Teleconverters do essentially the same thing; they expand the image circle at the image plane, resulting in an increased magnification and loss of light/light density. The disadvantage compared to extension tubes is that they use additional optics which are not (typically) optimized for that particular lens; which causes increased optical errors... stacking multiple TC's only compounds this factor. The advantage compared to extension tubes is that they are comparatively more effective at distances greater than MFD.

Answer 5

Your objective is to achieve magnification 1 = unity sometimes stated as 1:1.

To achieve, the lens placement is centered, object to image distance. The focal length of the lens used is object to image distance divided by 4.

You state the minimum camera to object distance is 280mm. I will bet, this is lens to object distance and not image to object distance. I will assume image to object distance is more like 300mm. I will work the problem for both 280mm and 300mm.

In both cases, to achieve M=1, the lens is positioned at the center of the object to image distance and the focal length of the lens for this task is this distance divided by 4.

For 280mm object to image setup: Lens focal length is 70mm Lens is positioned 140mm from the object and 140mm from the image.
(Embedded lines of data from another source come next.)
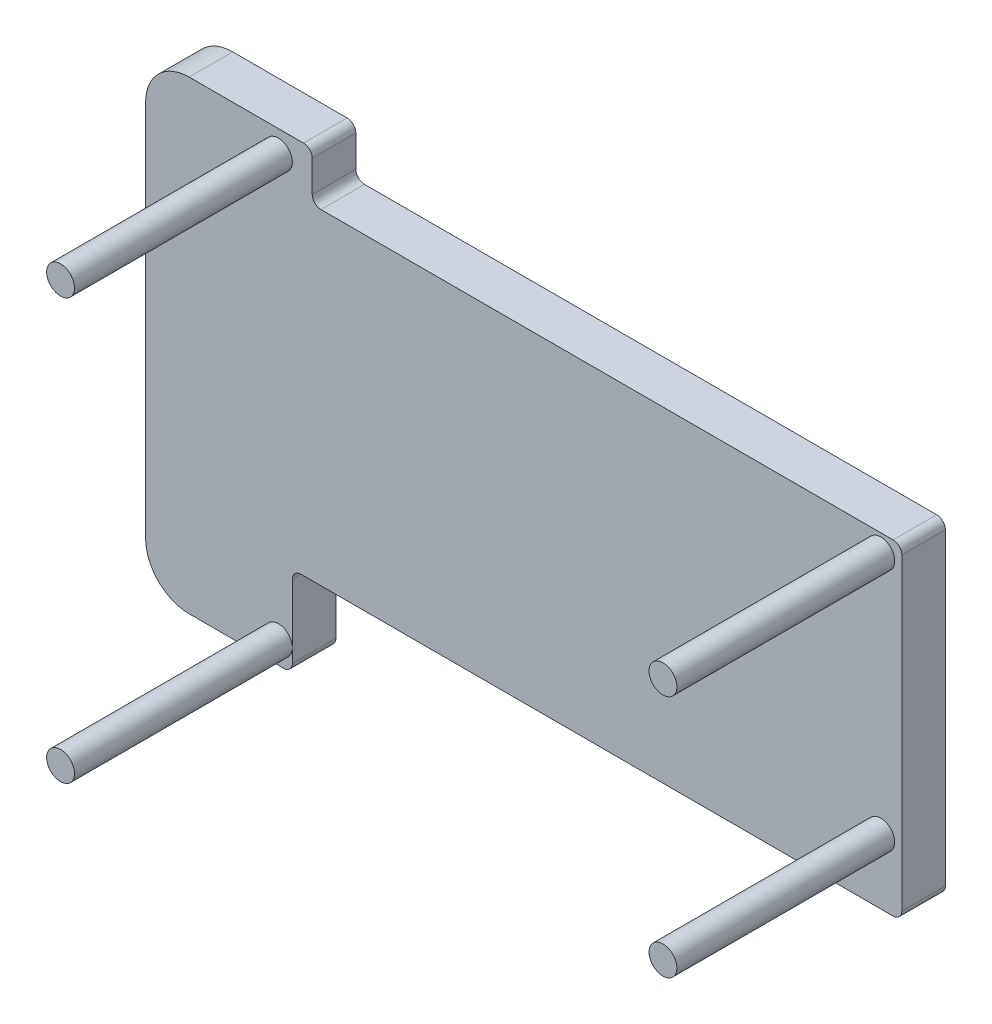
ISO-10303-21;
HEADER;
FILE_DESCRIPTION(('STEP AP214'),'2;1');
FILE_NAME('part.step','',(''),(''),'','','');
FILE_SCHEMA(('AUTOMOTIVE_DESIGN { 1 0 10303 214 1 1 1 1 }'));
ENDSEC;
DATA;
#1=APPLICATION_CONTEXT('core data for automotive mechanical design processes');
#2=APPLICATION_PROTOCOL_DEFINITION('international standard','automotive_design',2000,#1);
#3=PRODUCT_CONTEXT('',#1,'mechanical');
#4=PRODUCT('Part','Part','',(#3));
#5=PRODUCT_RELATED_PRODUCT_CATEGORY('part','',(#4));
#6=PRODUCT_DEFINITION_FORMATION('','',#4);
#7=PRODUCT_DEFINITION_CONTEXT('part definition',#1,'design');
#8=PRODUCT_DEFINITION('design','',#6,#7);
#9=PRODUCT_DEFINITION_SHAPE('','',#8);
#10=(LENGTH_UNIT() NAMED_UNIT(*) SI_UNIT(.MILLI.,.METRE.));
#11=(NAMED_UNIT(*) PLANE_ANGLE_UNIT() SI_UNIT($,.RADIAN.));
#12=(NAMED_UNIT(*) SI_UNIT($,.STERADIAN.) SOLID_ANGLE_UNIT());
#13=UNCERTAINTY_MEASURE_WITH_UNIT(LENGTH_MEASURE(1.E-05),#10,'distance_accuracy_value','');
#14=(GEOMETRIC_REPRESENTATION_CONTEXT(3) GLOBAL_UNCERTAINTY_ASSIGNED_CONTEXT((#13)) GLOBAL_UNIT_ASSIGNED_CONTEXT((#10,
#11,#12)) REPRESENTATION_CONTEXT('',''));
#15=CARTESIAN_POINT('',(0.,0.,0.));
#16=DIRECTION('',(0.,0.,1.));
#17=DIRECTION('',(1.,0.,0.));
#18=AXIS2_PLACEMENT_3D('',#15,#16,#17);
#19=CARTESIAN_POINT('',(-28.1477129898509,-24.13,25.));
#20=DIRECTION('',(0.,0.,-1.));
#21=DIRECTION('',(-1.,0.,0.));
#22=AXIS2_PLACEMENT_3D('',#19,#20,#21);
#23=CYLINDRICAL_SURFACE('',#22,1.6);
#24=CARTESIAN_POINT('',(-28.1477129898509,-24.13,25.));
#25=DIRECTION('',(0.,0.,1.));
#26=DIRECTION('',(1.,0.,0.));
#27=AXIS2_PLACEMENT_3D('',#24,#25,#26);
#28=CIRCLE('',#27,1.6);
#29=CARTESIAN_POINT('',(-26.5477129898509,-24.13,25.));
#30=VERTEX_POINT('',#29);
#31=EDGE_CURVE('E257',#30,#30,#28,.T.);
#32=ORIENTED_EDGE('',*,*,#31,.F.);
#33=EDGE_LOOP('',(#32));
#34=FACE_BOUND('',#33,.T.);
#35=CARTESIAN_POINT('',(-28.1477129898509,-24.13,0.));
#36=DIRECTION('',(0.,0.,1.));
#37=DIRECTION('',(1.,0.,0.));
#38=AXIS2_PLACEMENT_3D('',#35,#36,#37);
#39=CIRCLE('',#38,1.6);
#40=CARTESIAN_POINT('',(-26.5477129898509,-24.13,0.));
#41=VERTEX_POINT('',#40);
#42=EDGE_CURVE('E228',#41,#41,#39,.T.);
#43=ORIENTED_EDGE('',*,*,#42,.T.);
#44=EDGE_LOOP('',(#43));
#45=FACE_BOUND('',#44,.T.);
#46=ADVANCED_FACE('F35',(#34,#45),#23,.T.);
#47=CARTESIAN_POINT('',(-28.1477129898509,-24.13,25.));
#48=DIRECTION('',(0.,0.,1.));
#49=DIRECTION('',(1.,0.,0.));
#50=AXIS2_PLACEMENT_3D('',#47,#48,#49);
#51=PLANE('',#50);
#52=ORIENTED_EDGE('',*,*,#31,.T.);
#53=EDGE_LOOP('',(#52));
#54=FACE_BOUND('',#53,.T.);
#55=ADVANCED_FACE('F366',(#54),#51,.T.);
#56=CARTESIAN_POINT('',(-25.5477129898509,-17.3186177986598,-5.));
#57=DIRECTION('',(0.,0.,1.));
#58=DIRECTION('',(1.,0.,0.));
#59=AXIS2_PLACEMENT_3D('',#56,#57,#58);
#60=CYLINDRICAL_SURFACE('',#59,1.);
#61=CARTESIAN_POINT('',(-25.5477129898509,-17.3186177986598,0.));
#62=DIRECTION('',(0.,0.,-1.));
#63=DIRECTION('',(-1.,0.,0.));
#64=AXIS2_PLACEMENT_3D('',#61,#62,#63);
#65=CIRCLE('',#64,1.);
#66=CARTESIAN_POINT('',(-26.5477129898509,-17.3186177986598,0.));
#67=VERTEX_POINT('',#66);
#68=CARTESIAN_POINT('',(-25.5477129898509,-16.3186177986598,0.));
#69=VERTEX_POINT('',#68);
#70=EDGE_CURVE('E185',#67,#69,#65,.T.);
#71=ORIENTED_EDGE('',*,*,#70,.F.);
#72=DIRECTION('',(0.,0.,1.));
#73=VECTOR('',#72,1.);
#74=CARTESIAN_POINT('',(-26.5477129898509,-17.3186177986598,-5.));
#75=LINE('',#74,#73);
#76=CARTESIAN_POINT('',(-26.5477129898509,-17.3186177986598,-5.));
#77=VERTEX_POINT('',#76);
#78=EDGE_CURVE('E226',#77,#67,#75,.T.);
#79=ORIENTED_EDGE('',*,*,#78,.F.);
#80=CARTESIAN_POINT('',(-25.5477129898509,-17.3186177986598,-5.));
#81=DIRECTION('',(0.,0.,-1.));
#82=DIRECTION('',(-1.,0.,0.));
#83=AXIS2_PLACEMENT_3D('',#80,#81,#82);
#84=CIRCLE('',#83,1.);
#85=CARTESIAN_POINT('',(-25.5477129898509,-16.3186177986598,-5.));
#86=VERTEX_POINT('',#85);
#87=EDGE_CURVE('E225',#77,#86,#84,.T.);
#88=ORIENTED_EDGE('',*,*,#87,.T.);
#89=DIRECTION('',(0.,0.,1.));
#90=VECTOR('',#89,1.);
#91=CARTESIAN_POINT('',(-25.5477129898509,-16.3186177986598,-5.));
#92=LINE('',#91,#90);
#93=EDGE_CURVE('E118',#86,#69,#92,.T.);
#94=ORIENTED_EDGE('',*,*,#93,.T.);
#95=EDGE_LOOP('',(#71,#79,#88,#94));
#96=FACE_BOUND('',#95,.T.);
#97=ADVANCED_FACE('F362',(#96),#60,.F.);
#98=CARTESIAN_POINT('',(-26.5477129898509,-24.13,-5.));
#99=DIRECTION('',(1.,0.,0.));
#100=DIRECTION('',(0.,1.,0.));
#101=AXIS2_PLACEMENT_3D('',#98,#99,#100);
#102=PLANE('',#101);
#103=DIRECTION('',(0.,1.,0.));
#104=VECTOR('',#103,1.);
#105=CARTESIAN_POINT('',(-26.5477129898509,-24.13,0.));
#106=LINE('',#105,#104);
#107=CARTESIAN_POINT('',(-26.5477129898509,-25.67,0.));
#108=VERTEX_POINT('',#107);
#109=EDGE_CURVE('E49',#108,#41,#106,.T.);
#110=ORIENTED_EDGE('',*,*,#109,.F.);
#111=DIRECTION('',(0.,0.,1.));
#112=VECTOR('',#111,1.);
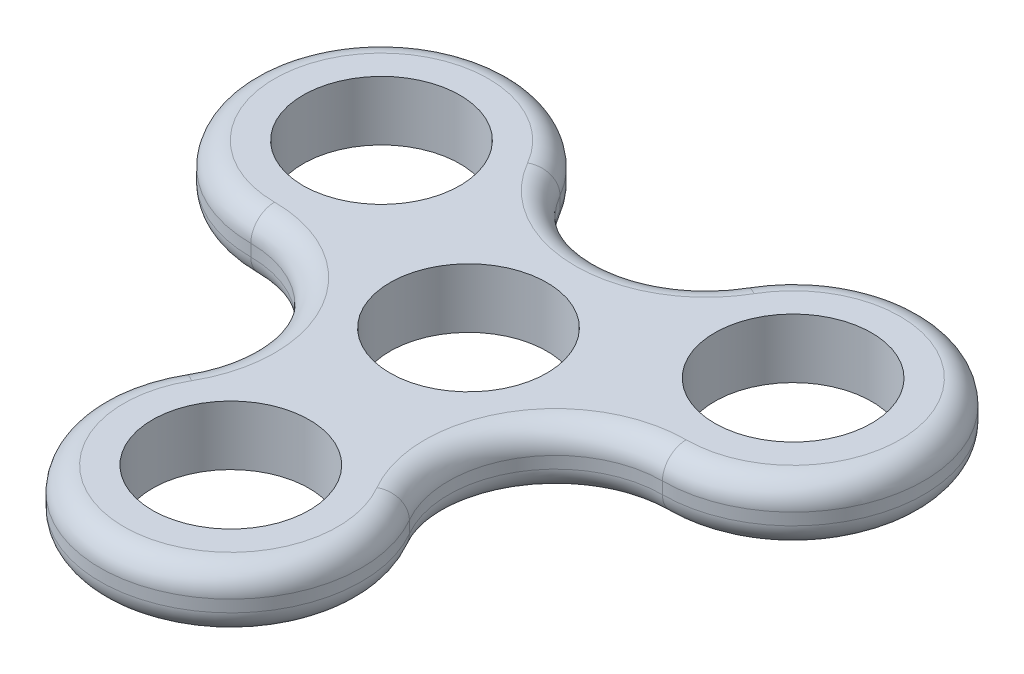
ISO-10303-21;
HEADER;
FILE_DESCRIPTION(('STEP AP214'),'2;1');
FILE_NAME('part.step','',(''),(''),'','','');
FILE_SCHEMA(('AUTOMOTIVE_DESIGN { 1 0 10303 214 1 1 1 1 }'));
ENDSEC;
DATA;
#1=APPLICATION_CONTEXT('core data for automotive mechanical design processes');
#2=APPLICATION_PROTOCOL_DEFINITION('international standard','automotive_design',2000,#1);
#3=PRODUCT_CONTEXT('',#1,'mechanical');
#4=PRODUCT('Part','Part','',(#3));
#5=PRODUCT_RELATED_PRODUCT_CATEGORY('part','',(#4));
#6=PRODUCT_DEFINITION_FORMATION('','',#4);
#7=PRODUCT_DEFINITION_CONTEXT('part definition',#1,'design');
#8=PRODUCT_DEFINITION('design','',#6,#7);
#9=PRODUCT_DEFINITION_SHAPE('','',#8);
#10=(LENGTH_UNIT() NAMED_UNIT(*) SI_UNIT(.MILLI.,.METRE.));
#11=(NAMED_UNIT(*) PLANE_ANGLE_UNIT() SI_UNIT($,.RADIAN.));
#12=(NAMED_UNIT(*) SI_UNIT($,.STERADIAN.) SOLID_ANGLE_UNIT());
#13=UNCERTAINTY_MEASURE_WITH_UNIT(LENGTH_MEASURE(1.E-05),#10,'distance_accuracy_value','');
#14=(GEOMETRIC_REPRESENTATION_CONTEXT(3) GLOBAL_UNCERTAINTY_ASSIGNED_CONTEXT((#13)) GLOBAL_UNIT_ASSIGNED_CONTEXT((#10,
#11,#12)) REPRESENTATION_CONTEXT('',''));
#15=CARTESIAN_POINT('',(0.,0.,0.));
#16=DIRECTION('',(0.,0.,1.));
#17=DIRECTION('',(1.,0.,0.));
#18=AXIS2_PLACEMENT_3D('',#15,#16,#17);
#19=CARTESIAN_POINT('',(8.66025403784441,5.,-15.));
#20=DIRECTION('',(0.,1.,0.));
#21=DIRECTION('',(0.,0.,1.));
#22=AXIS2_PLACEMENT_3D('',#19,#20,#21);
#23=PLANE('',#22);
#24=CARTESIAN_POINT('',(17.3205080756888,5.,9.99999999999995));
#25=DIRECTION('',(0.,1.,0.));
#26=DIRECTION('',(0.,0.,1.));
#27=AXIS2_PLACEMENT_3D('',#24,#25,#26);
#28=CIRCLE('',#27,10.9999999999999);
#29=CARTESIAN_POINT('',(7.79422863406009,5.,15.4999999999999));
#30=VERTEX_POINT('',#29);
#31=CARTESIAN_POINT('',(17.3205080756888,5.,-0.999999999999919));
#32=VERTEX_POINT('',#31);
#33=EDGE_CURVE('E149',#30,#32,#28,.F.);
#34=ORIENTED_EDGE('',*,*,#33,.T.);
#35=CARTESIAN_POINT('',(17.3205080756887,5.,-10.0000000000001));
#36=DIRECTION('',(0.,1.,0.));
#37=DIRECTION('',(0.,0.,1.));
#38=AXIS2_PLACEMENT_3D('',#35,#36,#37);
#39=CIRCLE('',#38,9.);
#40=CARTESIAN_POINT('',(9.5262794416289,5.,-14.5));
#41=VERTEX_POINT('',#40);
#42=EDGE_CURVE('E130',#32,#41,#39,.T.);
#43=ORIENTED_EDGE('',*,*,#42,.T.);
#44=CARTESIAN_POINT('',(0.,5.,-20.));
#45=DIRECTION('',(0.,1.,0.));
#46=DIRECTION('',(0.,0.,1.));
#47=AXIS2_PLACEMENT_3D('',#44,#45,#46);
#48=CIRCLE('',#47,11.);
#49=CARTESIAN_POINT('',(-9.52627944162872,5.,-14.5));
#50=VERTEX_POINT('',#49);
#51=EDGE_CURVE('E138',#41,#50,#48,.F.);
#52=ORIENTED_EDGE('',*,*,#51,.T.);
#53=CARTESIAN_POINT('',(-17.3205080756888,5.,-9.99999999999996));
#54=DIRECTION('',(0.,1.,0.));
#55=DIRECTION('',(0.,0.,1.));
#56=AXIS2_PLACEMENT_3D('',#53,#54,#55);
#57=CIRCLE('',#56,9.);
#58=CARTESIAN_POINT('',(-17.3205080756888,5.,-0.999999999999957));
#59=VERTEX_POINT('',#58);
#60=EDGE_CURVE('E144',#50,#59,#57,.T.);
#61=ORIENTED_EDGE('',*,*,#60,.T.);
#62=CARTESIAN_POINT('',(-17.3205080756887,5.,10.0000000000001));
#63=DIRECTION('',(0.,1.,0.));
#64=DIRECTION('',(0.,0.,1.));
#65=AXIS2_PLACEMENT_3D('',#62,#63,#64);
#66=CIRCLE('',#65,11.);
#67=CARTESIAN_POINT('',(-7.7942286340599,5.,15.5));
#68=VERTEX_POINT('',#67);
#69=EDGE_CURVE('E264',#59,#68,#66,.F.);
#70=ORIENTED_EDGE('',*,*,#69,.T.);
#71=CARTESIAN_POINT('',(0.,5.,20.));
#72=DIRECTION('',(0.,1.,0.));
#73=DIRECTION('',(0.,0.,1.));
#74=AXIS2_PLACEMENT_3D('',#71,#72,#73);
#75=CIRCLE('',#74,9.00000000000017);
#76=EDGE_CURVE('E155',#68,#30,#75,.T.);
#77=ORIENTED_EDGE('',*,*,#76,.T.);
#78=EDGE_LOOP('',(#34,#43,#52,#61,#70,#77));
#79=FACE_BOUND('',#78,.T.);
#80=CARTESIAN_POINT('',(17.3205080756887,5.,-10.0000000000001));
#81=DIRECTION('',(0.,1.,0.));
#82=DIRECTION('',(0.,0.,1.));
#83=AXIS2_PLACEMENT_3D('',#80,#81,#82);
#84=CIRCLE('',#83,6.6);
#85=CARTESIAN_POINT('',(17.3205080756887,5.,-3.40000000000009));
#86=VERTEX_POINT('',#85);
#87=EDGE_CURVE('E497',#86,#86,#84,.T.);
#88=ORIENTED_EDGE('',*,*,#87,.F.);
#89=EDGE_LOOP('',(#88));
#90=FACE_BOUND('',#89,.T.);
#91=CARTESIAN_POINT('',(0.,5.,0.));
#92=DIRECTION('',(0.,1.,0.));
#93=DIRECTION('',(0.,0.,1.));
#94=AXIS2_PLACEMENT_3D('',#91,#92,#93);
#95=CIRCLE('',#94,6.6);
#96=CARTESIAN_POINT('',(0.,5.,6.6));
#97=VERTEX_POINT('',#96);
#98=EDGE_CURVE('E245',#97,#97,#95,.T.);
#99=ORIENTED_EDGE('',*,*,#98,.F.);
#100=EDGE_LOOP('',(#99));
#101=FACE_BOUND('',#100,.T.);
#102=CARTESIAN_POINT('',(0.,5.,20.));
#103=DIRECTION('',(0.,1.,0.));
#104=DIRECTION('',(0.,0.,1.));
#105=AXIS2_PLACEMENT_3D('',#102,#103,#104);
#106=CIRCLE('',#105,6.6);
#107=CARTESIAN_POINT('',(0.,5.,26.6));
#108=VERTEX_POINT('',#107);
#109=EDGE_CURVE('E491',#108,#108,#106,.T.);
#110=ORIENTED_EDGE('',*,*,#109,.F.);
#111=EDGE_LOOP('',(#110));
#112=FACE_BOUND('',#111,.T.);
#113=CARTESIAN_POINT('',(-17.3205080756888,5.,-9.99999999999996));
#114=DIRECTION('',(0.,1.,0.));
#115=DIRECTION('',(0.,0.,1.));
#116=AXIS2_PLACEMENT_3D('',#113,#114,#115);
#117=CIRCLE('',#116,6.6);
#118=CARTESIAN_POINT('',(-17.3205080756888,5.,-3.39999999999996));
#119=VERTEX_POINT('',#118);
#120=EDGE_CURVE('E503',#119,#119,#117,.T.);
#121=ORIENTED_EDGE('',*,*,#120,.F.);
#122=EDGE_LOOP('',(#121));
#123=FACE_BOUND('',#122,.T.);
#124=ADVANCED_FACE('F33',(#79,#90,#101,#112,#123),#23,.T.);
#125=CARTESIAN_POINT('',(8.66025403784441,0.,-15.));
#126=DIRECTION('',(0.,1.,0.));
#127=DIRECTION('',(0.,0.,1.));
#128=AXIS2_PLACEMENT_3D('',#125,#126,#127);
#129=PLANE('',#128);
#130=CARTESIAN_POINT('',(0.,0.,-20.));
#131=DIRECTION('',(0.,1.,0.));
#132=DIRECTION('',(0.,0.,1.));
#133=AXIS2_PLACEMENT_3D('',#130,#131,#132);
#134=CIRCLE('',#133,11.);
#135=CARTESIAN_POINT('',(-9.52627944162872,0.,-14.5));
#136=VERTEX_POINT('',#135);
#137=CARTESIAN_POINT('',(9.5262794416289,0.,-14.5));
#138=VERTEX_POINT('',#137);
#139=EDGE_CURVE('E176',#136,#138,#134,.T.);
#140=ORIENTED_EDGE('',*,*,#139,.T.);
#141=CARTESIAN_POINT('',(17.3205080756887,0.,-10.0000000000001));
#142=DIRECTION('',(0.,1.,0.));
#143=DIRECTION('',(0.,0.,1.));
#144=AXIS2_PLACEMENT_3D('',#141,#142,#143);
#145=CIRCLE('',#144,9.);
#146=CARTESIAN_POINT('',(17.3205080756888,0.,-0.999999999999919));
#147=VERTEX_POINT('',#146);
#148=EDGE_CURVE('E185',#138,#147,#145,.F.);
#149=ORIENTED_EDGE('',*,*,#148,.T.);
#150=CARTESIAN_POINT('',(17.3205080756888,0.,9.99999999999995));
#151=DIRECTION('',(0.,1.,0.));
#152=DIRECTION('',(0.,0.,1.));
#153=AXIS2_PLACEMENT_3D('',#150,#151,#152);
#154=CIRCLE('',#153,10.9999999999999);
#155=CARTESIAN_POINT('',(7.79422863406009,0.,15.4999999999999));
#156=VERTEX_POINT('',#155);
#157=EDGE_CURVE('E57',#147,#156,#154,.T.);
#158=ORIENTED_EDGE('',*,*,#157,.T.);
#159=CARTESIAN_POINT('',(0.,0.,20.));
#160=DIRECTION('',(0.,1.,0.));
#161=DIRECTION('',(0.,0.,1.));
#162=AXIS2_PLACEMENT_3D('',#159,#160,#161);
#163=CIRCLE('',#162,9.00000000000017);
#164=CARTESIAN_POINT('',(-7.7942286340599,0.,15.5));
#165=VERTEX_POINT('',#164);
#166=EDGE_CURVE('E182',#156,#165,#163,.F.);
#167=ORIENTED_EDGE('',*,*,#166,.T.);
#168=CARTESIAN_POINT('',(-17.3205080756887,0.,10.0000000000001));
#169=DIRECTION('',(0.,1.,0.));
#170=DIRECTION('',(0.,0.,1.));
#171=AXIS2_PLACEMENT_3D('',#168,#169,#170);
#172=CIRCLE('',#171,11.);
#173=CARTESIAN_POINT('',(-17.3205080756888,0.,-0.999999999999957));
#174=VERTEX_POINT('',#173);
#175=EDGE_CURVE('E180',#165,#174,#172,.T.);
#176=ORIENTED_EDGE('',*,*,#175,.T.);
#177=CARTESIAN_POINT('',(-17.3205080756888,0.,-9.99999999999996));
#178=DIRECTION('',(0.,1.,0.));
#179=DIRECTION('',(0.,0.,1.));
#180=AXIS2_PLACEMENT_3D('',#177,#178,#179);
#181=CIRCLE('',#180,9.);
#182=EDGE_CURVE('E178',#174,#136,#181,.F.);
#183=ORIENTED_EDGE('',*,*,#182,.T.);
#184=EDGE_LOOP('',(#140,#149,#158,#167,#176,#183));
#185=FACE_BOUND('',#184,.T.);
#186=CARTESIAN_POINT('',(0.,0.,0.));
#187=DIRECTION('',(0.,1.,0.));
#188=DIRECTION('',(0.,0.,1.));
#189=AXIS2_PLACEMENT_3D('',#186,#187,#188);
#190=CIRCLE('',#189,6.6);
#191=CARTESIAN_POINT('',(0.,0.,6.6));
#192=VERTEX_POINT('',#191);
#193=EDGE_CURVE('E250',#192,#192,#190,.T.);
#194=ORIENTED_EDGE('',*,*,#193,.T.);
#195=EDGE_LOOP('',(#194));
#196=FACE_BOUND('',#195,.T.);
#197=CARTESIAN_POINT('',(0.,0.,20.));
#198=DIRECTION('',(0.,1.,0.));
#199=DIRECTION('',(0.,0.,1.));
#200=AXIS2_PLACEMENT_3D('',#197,#198,#199);
#201=CIRCLE('',#200,6.6);
#202=CARTESIAN_POINT('',(0.,0.,26.6));
#203=VERTEX_POINT('',#202);
#204=EDGE_CURVE('E493',#203,#203,#201,.T.);
#205=ORIENTED_EDGE('',*,*,#204,.T.);
#206=EDGE_LOOP('',(#205));
#207=FACE_BOUND('',#206,.T.);
#208=CARTESIAN_POINT('',(17.3205080756887,0.,-10.0000000000001));
#209=DIRECTION('',(0.,1.,0.));
#210=DIRECTION('',(0.,0.,1.));
#211=AXIS2_PLACEMENT_3D('',#208,#209,#210);
#212=CIRCLE('',#211,6.6);
#213=CARTESIAN_POINT('',(17.3205080756887,0.,-3.40000000000009));
#214=VERTEX_POINT('',#213);
#215=EDGE_CURVE('E500',#214,#214,#212,.T.);
#216=ORIENTED_EDGE('',*,*,#215,.T.);
#217=EDGE_LOOP('',(#216));
#218=FACE_BOUND('',#217,.T.);
#219=CARTESIAN_POINT('',(-17.3205080756888,0.,-9.99999999999996));
#220=DIRECTION('',(0.,1.,0.));
#221=DIRECTION('',(0.,0.,1.));
#222=AXIS2_PLACEMENT_3D('',#219,#220,#221);
#223=CIRCLE('',#222,6.6);
#224=CARTESIAN_POINT('',(-17.3205080756888,0.,-3.39999999999996));
#225=VERTEX_POINT('',#224);
#226=EDGE_CURVE('E199',#225,#225,#223,.T.);
#227=ORIENTED_EDGE('',*,*,#226,.T.);
#228=EDGE_LOOP('',(#227));
#229=FACE_BOUND('',#228,.T.);
#230=ADVANCED_FACE('F223',(#185,#196,#207,#218,#229),#129,.F.);
#231=CARTESIAN_POINT('',(0.,5.,-20.));
#232=DIRECTION('',(0.,-1.,0.));
#233=DIRECTION('',(0.,0.,-1.));
#234=AXIS2_PLACEMENT_3D('',#231,#232,#233);
#235=CYLINDRICAL_SURFACE('',#234,8.99999999999998);
#236=DIRECTION('',(0.,-1.,0.));
#237=VECTOR('',#236,1.);
#238=CARTESIAN_POINT('',(-7.79422863405997,5.,-15.4999999999999));
#239=LINE('',#238,#237);
#240=CARTESIAN_POINT('',(-7.79422863405997,3.,-15.4999999999999));
#241=VERTEX_POINT('',#240);
#242=CARTESIAN_POINT('',(-7.79422863405997,2.,-15.4999999999999));
#243=VERTEX_POINT('',#242);
#244=EDGE_CURVE('E145',#241,#243,#239,.T.);
#245=ORIENTED_EDGE('',*,*,#244,.F.);
#246=CARTESIAN_POINT('',(0.,3.,-20.));
#247=DIRECTION('',(0.,1.,0.));
#248=DIRECTION('',(0.,0.,1.));
#249=AXIS2_PLACEMENT_3D('',#246,#247,#248);
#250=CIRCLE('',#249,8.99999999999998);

For 300mm object to image setup: Lens focal length is 75 mm Lens is positioned 150mm from the object and 150mm from the image.

Note: The focal length of choice is ¼ of the object to image distance. Suppose, try as you might, this works out to a weird value like 288mm. This calls for a 72mm lens (not likely except as a zoom). Now purchase a 70mm and adjust it's focal length. We covert the 70mm value to diopter units thus 1/70 X 1000 = 14.2857 diopters (power of this lens).

You need a 72mm lens. Convert this value to diopters thus 1/72 X 1000 = 13.8889 diopters.

The difference in power is 14.2857 – 13.889 = 0.4 diopters.

You can procure a + .4 diopter or perhaps a +.5 from an optician. Add this supplemental lens to the 70mm and this will adjust it, making its focal length about 72mm.

Yes – this is a trial and error procedure but you can do this!